We can specify dependency between rules. This allows matching a rule only if another rule has been matched. For example, the following sematic patch has two rules. The first rule matches if the BIT macro is used anywhere in the file. If it is used, then the second rule which depends on the first rule converts expressions 1 << E into BIT(E).

   @usesbit@
   @@
   BIT(...)

   @depends on usesbit@
   expression E;
   @@

   - 1 << E
   + BIT(E)

We can also pass values between rules with dependency using << syntax inside the metavariable declaration.

   @usesbit@
   expression E;
   @@
   1 << E

   @depends on usesbit@
   expression E << usesbit.E;
   @@

   - 1 << E
   + BIT(E)

Isomorphisms

Coccinelle can also find and match code that is equivalent to the expression that we want to match. These statements that are semantically equivalent are called Isomorphisms. For example, the following statements are equivalent and so when we try to match (x==NULL), Coccinelle also tries to match the other three statements.

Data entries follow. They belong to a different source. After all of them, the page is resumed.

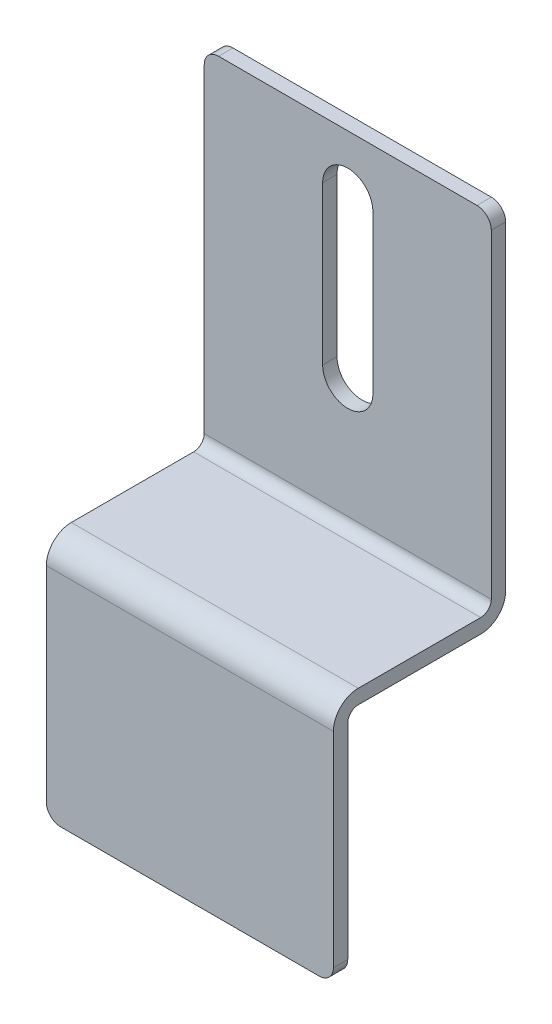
ISO-10303-21;
HEADER;
FILE_DESCRIPTION(('STEP AP214'),'2;1');
FILE_NAME('part.step','',(''),(''),'','','');
FILE_SCHEMA(('AUTOMOTIVE_DESIGN { 1 0 10303 214 1 1 1 1 }'));
ENDSEC;
DATA;
#1=APPLICATION_CONTEXT('core data for automotive mechanical design processes');
#2=APPLICATION_PROTOCOL_DEFINITION('international standard','automotive_design',2000,#1);
#3=PRODUCT_CONTEXT('',#1,'mechanical');
#4=PRODUCT('Part','Part','',(#3));
#5=PRODUCT_RELATED_PRODUCT_CATEGORY('part','',(#4));
#6=PRODUCT_DEFINITION_FORMATION('','',#4);
#7=PRODUCT_DEFINITION_CONTEXT('part definition',#1,'design');
#8=PRODUCT_DEFINITION('design','',#6,#7);
#9=PRODUCT_DEFINITION_SHAPE('','',#8);
#10=(LENGTH_UNIT() NAMED_UNIT(*) SI_UNIT(.MILLI.,.METRE.));
#11=(NAMED_UNIT(*) PLANE_ANGLE_UNIT() SI_UNIT($,.RADIAN.));
#12=(NAMED_UNIT(*) SI_UNIT($,.STERADIAN.) SOLID_ANGLE_UNIT());
#13=UNCERTAINTY_MEASURE_WITH_UNIT(LENGTH_MEASURE(1.E-05),#10,'distance_accuracy_value','');
#14=(GEOMETRIC_REPRESENTATION_CONTEXT(3) GLOBAL_UNCERTAINTY_ASSIGNED_CONTEXT((#13)) GLOBAL_UNIT_ASSIGNED_CONTEXT((#10,
#11,#12)) REPRESENTATION_CONTEXT('',''));
#15=CARTESIAN_POINT('',(0.,0.,0.));
#16=DIRECTION('',(0.,0.,1.));
#17=DIRECTION('',(1.,0.,0.));
#18=AXIS2_PLACEMENT_3D('',#15,#16,#17);
#19=CARTESIAN_POINT('',(20.,-25.,12.));
#20=DIRECTION('',(0.,0.,-1.));
#21=DIRECTION('',(-1.,0.,0.));
#22=AXIS2_PLACEMENT_3D('',#19,#20,#21);
#23=PLANE('',#22);
#24=CARTESIAN_POINT('',(1.,-40.,12.));
#25=DIRECTION('',(0.,0.,1.));
#26=DIRECTION('',(1.,0.,0.));
#27=AXIS2_PLACEMENT_3D('',#24,#25,#26);
#28=CIRCLE('',#27,1.);
#29=CARTESIAN_POINT('',(1.,-41.,12.));
#30=VERTEX_POINT('',#29);
#31=CARTESIAN_POINT('',(0.,-40.,12.));
#32=VERTEX_POINT('',#31);
#33=EDGE_CURVE('E174',#30,#32,#28,.F.);
#34=ORIENTED_EDGE('',*,*,#33,.F.);
#35=DIRECTION('',(1.,0.,0.));
#36=VECTOR('',#35,1.);
#37=CARTESIAN_POINT('',(20.,-41.,12.));
#38=LINE('',#37,#36);
#39=CARTESIAN_POINT('',(19.,-41.,12.));
#40=VERTEX_POINT('',#39);
#41=EDGE_CURVE('E173',#40,#30,#38,.F.);
#42=ORIENTED_EDGE('',*,*,#41,.F.);
#43=CARTESIAN_POINT('',(19.,-40.,12.));
#44=DIRECTION('',(0.,0.,1.));
#45=DIRECTION('',(1.,0.,0.));
#46=AXIS2_PLACEMENT_3D('',#43,#44,#45);
#47=CIRCLE('',#46,1.);
#48=CARTESIAN_POINT('',(20.,-40.,12.));
#49=VERTEX_POINT('',#48);
#50=EDGE_CURVE('E164',#49,#40,#47,.F.);
#51=ORIENTED_EDGE('',*,*,#50,.F.);
#52=DIRECTION('',(0.,1.,0.));
#53=VECTOR('',#52,1.);
#54=CARTESIAN_POINT('',(20.,-24.,12.));
#55=LINE('',#54,#53);
#56=CARTESIAN_POINT('',(20.,-25.7366,12.));
#57=VERTEX_POINT('',#56);
#58=EDGE_CURVE('E233',#57,#49,#55,.F.);
#59=ORIENTED_EDGE('',*,*,#58,.F.);
#60=DIRECTION('',(-1.,0.,0.));
#61=VECTOR('',#60,1.);
#62=CARTESIAN_POINT('',(20.,-25.7366,12.));
#63=LINE('',#62,#61);
#64=CARTESIAN_POINT('',(0.,-25.7366,12.));
#65=VERTEX_POINT('',#64);
#66=EDGE_CURVE('E170',#65,#57,#63,.F.);
#67=ORIENTED_EDGE('',*,*,#66,.F.);
#68=DIRECTION('',(0.,1.,0.));
#69=VECTOR('',#68,1.);
#70=CARTESIAN_POINT('',(0.,-25.7366,12.));
#71=LINE('',#70,#69);
#72=EDGE_CURVE('E230',#32,#65,#71,.T.);
#73=ORIENTED_EDGE('',*,*,#72,.F.);
#74=EDGE_LOOP('',(#34,#42,#51,#59,#67,#73));
#75=FACE_BOUND('',#74,.T.);
#76=ADVANCED_FACE('F16',(#75),#23,.F.);
#77=CARTESIAN_POINT('',(20.,-25.7366,10.2634));
#78=DIRECTION('',(-1.,0.,0.));
#79=DIRECTION('',(0.,0.,1.));
#80=AXIS2_PLACEMENT_3D('',#77,#78,#79);
#81=CYLINDRICAL_SURFACE('',#80,1.7366);
#82=CARTESIAN_POINT('',(20.,-25.7366,10.2634));
#83=DIRECTION('',(-1.,0.,0.));
#84=DIRECTION('',(0.,0.,1.));
#85=AXIS2_PLACEMENT_3D('',#82,#83,#84);
#86=CIRCLE('',#85,1.7366);
#87=CARTESIAN_POINT('',(20.,-24.,10.2634));
#88=VERTEX_POINT('',#87);
#89=EDGE_CURVE('E171',#57,#88,#86,.T.);
#90=ORIENTED_EDGE('',*,*,#89,.T.);
#91=DIRECTION('',(1.,0.,0.));
#92=VECTOR('',#91,1.);
#93=CARTESIAN_POINT('',(20.,-24.,10.2634));
#94=LINE('',#93,#92);
#95=CARTESIAN_POINT('',(0.,-24.,10.2634));
#96=VERTEX_POINT('',#95);
#97=EDGE_CURVE('E246',#88,#96,#94,.F.);
#98=ORIENTED_EDGE('',*,*,#97,.T.);
#99=CARTESIAN_POINT('',(0.,-25.7366,10.2634));
#100=DIRECTION('',(-1.,0.,0.));
#101=DIRECTION('',(0.,0.,1.));
#102=AXIS2_PLACEMENT_3D('',#99,#100,#101);
#103=CIRCLE('',#102,1.7366);
#104=EDGE_CURVE('E165',#96,#65,#103,.F.);
#105=ORIENTED_EDGE('',*,*,#104,.T.);
#106=ORIENTED_EDGE('',*,*,#66,.T.);
#107=EDGE_LOOP('',(#90,#98,#105,#106));
#108=FACE_BOUND('',#107,.T.);
#109=ADVANCED_FACE('F524',(#108),#81,.T.);
#110=CARTESIAN_POINT('',(20.,-41.,11.));
#111=DIRECTION('',(0.,-1.,0.));
#112=DIRECTION('',(0.,0.,-1.));
#113=AXIS2_PLACEMENT_3D('',#110,#111,#112);
#114=PLANE('',#113);
#115=DIRECTION('',(-1.,0.,0.));
#116=VECTOR('',#115,1.);
#117=CARTESIAN_POINT('',(20.,-41.,11.));
#118=LINE('',#117,#116);
#119=CARTESIAN_POINT('',(19.,-41.,11.));
#120=VERTEX_POINT('',#119);
#121=CARTESIAN_POINT('',(1.,-41.,11.));
#122=VERTEX_POINT('',#121);
#123=EDGE_CURVE('E179',#120,#122,#118,.T.);
#124=ORIENTED_EDGE('',*,*,#123,.F.);
#125=DIRECTION('',(0.,0.,1.));
#126=VECTOR('',#125,1.);
#127=CARTESIAN_POINT('',(19.,-41.,11.));
#128=LINE('',#127,#126);
#129=EDGE_CURVE('E243',#40,#120,#128,.F.);
#130=ORIENTED_EDGE('',*,*,#129,.F.);
#131=ORIENTED_EDGE('',*,*,#41,.T.);
#132=DIRECTION('',(0.,0.,1.));
#133=VECTOR('',#132,1.);
#134=CARTESIAN_POINT('',(1.,-41.,10.2634));
#135=LINE('',#134,#133);
#136=EDGE_CURVE('E177',#122,#30,#135,.T.);
#137=ORIENTED_EDGE('',*,*,#136,.F.);
#138=EDGE_LOOP('',(#124,#130,#131,#137));
#139=FACE_BOUND('',#138,.T.);
#140=ADVANCED_FACE('F515',(#139),#114,.T.);
#141=CARTESIAN_POINT('',(1.,-40.,10.2634));
#142=DIRECTION('',(0.,0.,1.));
#143=DIRECTION('',(1.,0.,0.));
#144=AXIS2_PLACEMENT_3D('',#141,#142,#143);
#145=CYLINDRICAL_SURFACE('',#144,1.);
#146=ORIENTED_EDGE('',*,*,#33,.T.);
#147=DIRECTION('',(0.,0.,1.));
#148=VECTOR('',#147,1.);
#149=CARTESIAN_POINT('',(0.,-40.,10.2634));
#150=LINE('',#149,#148);
#151=CARTESIAN_POINT('',(0.,-40.,11.));
#152=VERTEX_POINT('',#151);
#153=EDGE_CURVE('E176',#152,#32,#150,.T.);
#154=ORIENTED_EDGE('',*,*,#153,.F.);
#155=CARTESIAN_POINT('',(1.,-40.,11.));
#156=DIRECTION('',(0.,0.,1.));
#157=DIRECTION('',(1.,0.,0.));
#158=AXIS2_PLACEMENT_3D('',#155,#156,#157);
#159=CIRCLE('',#158,1.);
#160=EDGE_CURVE('E155',#122,#152,#159,.F.);
#161=ORIENTED_EDGE('',*,*,#160,.F.);
#162=ORIENTED_EDGE('',*,*,#136,.T.);
#163=EDGE_LOOP('',(#146,#154,#161,#162));
#164=FACE_BOUND('',#163,.T.);
#165=ADVANCED_FACE('F506',(#164),#145,.T.);
#166=CARTESIAN_POINT('',(19.,-40.,11.));
#167=DIRECTION('',(0.,0.,1.));
#168=DIRECTION('',(1.,0.,0.));
#169=AXIS2_PLACEMENT_3D('',#166,#167,#168);
#170=CYLINDRICAL_SURFACE('',#169,1.);
#171=ORIENTED_EDGE('',*,*,#50,.T.);
#172=ORIENTED_EDGE('',*,*,#129,.T.);
#173=CARTESIAN_POINT('',(19.,-40.,11.));
#174=DIRECTION('',(0.,0.,1.));
#175=DIRECTION('',(1.,0.,0.));
#176=AXIS2_PLACEMENT_3D('',#173,#174,#175);
#177=CIRCLE('',#176,1.);
#178=CARTESIAN_POINT('',(20.,-40.,11.));
#179=VERTEX_POINT('',#178);
#180=EDGE_CURVE('E180',#179,#120,#177,.F.);
#181=ORIENTED_EDGE('',*,*,#180,.F.);
#182=DIRECTION('',(0.,0.,1.));
#183=VECTOR('',#182,1.);
#184=CARTESIAN_POINT('',(20.,-40.,11.));
#185=LINE('',#184,#183);
#186=EDGE_CURVE('E236',#179,#49,#185,.T.);
#187=ORIENTED_EDGE('',*,*,#186,.T.);
#188=EDGE_LOOP('',(#171,#172,#181,#187));
#189=FACE_BOUND('',#188,.T.);
#190=ADVANCED_FACE('F497',(#189),#170,.T.);
#191=CARTESIAN_POINT('',(20.,-24.,0.));
#192=DIRECTION('',(0.,-1.,0.));
#193=DIRECTION('',(0.,0.,-1.));
#194=AXIS2_PLACEMENT_3D('',#191,#192,#193);
#195=PLANE('',#194);
#196=ORIENTED_EDGE('',*,*,#97,.F.);
#197=DIRECTION('',(0.,0.,-1.));
#198=VECTOR('',#197,1.);
#199=CARTESIAN_POINT('',(20.,-24.,0.999999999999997));
#200=LINE('',#199,#198);
#201=CARTESIAN_POINT('',(20.,-24.,1.7366));
#202=VERTEX_POINT('',#201);
#203=EDGE_CURVE('E147',#202,#88,#200,.F.);
#204=ORIENTED_EDGE('',*,*,#203,.F.);
#205=DIRECTION('',(-1.,0.,0.));
#206=VECTOR('',#205,1.);
#207=CARTESIAN_POINT('',(20.,-24.,1.7366));
#208=LINE('',#207,#206);
#209=CARTESIAN_POINT('',(0.,-24.,1.7366));
#210=VERTEX_POINT('',#209);
#211=EDGE_CURVE('E185',#202,#210,#208,.T.);
#212=ORIENTED_EDGE('',*,*,#211,.T.);
#213=DIRECTION('',(0.,0.,1.));
#214=VECTOR('',#213,1.);
#215=CARTESIAN_POINT('',(0.,-24.,12.));
#216=LINE('',#215,#214);
#217=EDGE_CURVE('E188',#96,#210,#216,.F.);
#218=ORIENTED_EDGE('',*,*,#217,.F.);
#219=EDGE_LOOP('',(#196,#204,#212,#218));
#220=FACE_BOUND('',#219,.T.);
#221=ADVANCED_FACE('F489',(#220),#195,.F.);
#222=CARTESIAN_POINT('',(20.,-25.,11.));
#223=DIRECTION('',(0.,0.,-1.));
#224=DIRECTION('',(-1.,0.,0.));
#225=AXIS2_PLACEMENT_3D('',#222,#223,#224);
#226=PLANE('',#225);
#227=DIRECTION('',(0.,1.,0.));
#228=VECTOR('',#227,1.);
#229=CARTESIAN_POINT('',(20.,-25.,11.));
#230=LINE('',#229,#228);
#231=CARTESIAN_POINT('',(20.,-25.7366,11.));
#232=VERTEX_POINT('',#231);
#233=EDGE_CURVE('E158',#232,#179,#230,.F.);
#234=ORIENTED_EDGE('',*,*,#233,.T.);
#235=ORIENTED_EDGE('',*,*,#180,.T.);
#236=ORIENTED_EDGE('',*,*,#123,.T.);
#237=ORIENTED_EDGE('',*,*,#160,.T.);
#238=DIRECTION('',(0.,1.,0.));
#239=VECTOR('',#238,1.);
#240=CARTESIAN_POINT('',(0.,-25.,11.));
#241=LINE('',#240,#239);
#242=CARTESIAN_POINT('',(0.,-25.7366,11.));
#243=VERTEX_POINT('',#242);
#244=EDGE_CURVE('E151',#152,#243,#241,.T.);
#245=ORIENTED_EDGE('',*,*,#244,.T.);
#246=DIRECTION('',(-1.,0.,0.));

!x  <=>  x == NULL  <=>  NULL == x;

Coccinelle provides a set of default isomorphisms in /usr/lib/coccinelle/standard.iso. We can use custom isomorphisms by writing them in a file, let’s say in custom.iso and using it in the semantic patches with using keyword. We can apply a custom isomorphism file-wide or for a specific rule.

using "custom.iso"
@rule1@
expression e;
@@
*e

@rule1 using "custom.iso"@
expression e;
@@
*e

Embedding Python or Ocaml scripts

We can also embed scripts written in Python or OCaml, inside the semantic patches and have them run when specific rules are matched. The rules that contain script code should uses script:python or script:ocaml in the rulename part.

@zero_variable@
identifier i;
@@
i = 0;

@script:python depends on zero_variable@
i << zero_variable.i;
@@
print (f"Identifier {i} was set to zero")

Position metavariables

Coccinelle also provides position metavariables that can be attached to other metavariables (by appending with @) to find and print the position of the match inside the file.

@zero_variable@
identifier i;
position p;
@@
i@p = 0;

@script:python depends on zero_variable@
i << zero_variable.i;
p << zero_variable.p;
@@

print (f"Identifier {i} was set to zero in file {p[0].file}, in function {p[0].current_element} at line {p[0].line}.")

Universal and Existential quantification

todo

when with exists and strict

Coccinelle Internals

In Hunting bugs with Coccinelle, it is mentioned that Coccinelle has three parts:

A C parser that converts C code into an Abstract Syntax Tree (AST) and a Control Flow Graph (CFG), without expanding all macros.
A parser that converts semantic patches into a formula expressed in Computation Tree Logic with existentially quantified program variables (CTL-VW). I don’t know what CTL-VW is, but I’m guessing it is a way to mathematically express code patterns in a program with multiple execution paths.
A model checker that compares the CTL-VW formula with the AST and performs any modifications if specified.

After the modifications are done, the AST and CFG are unparsed to produce the modified C code.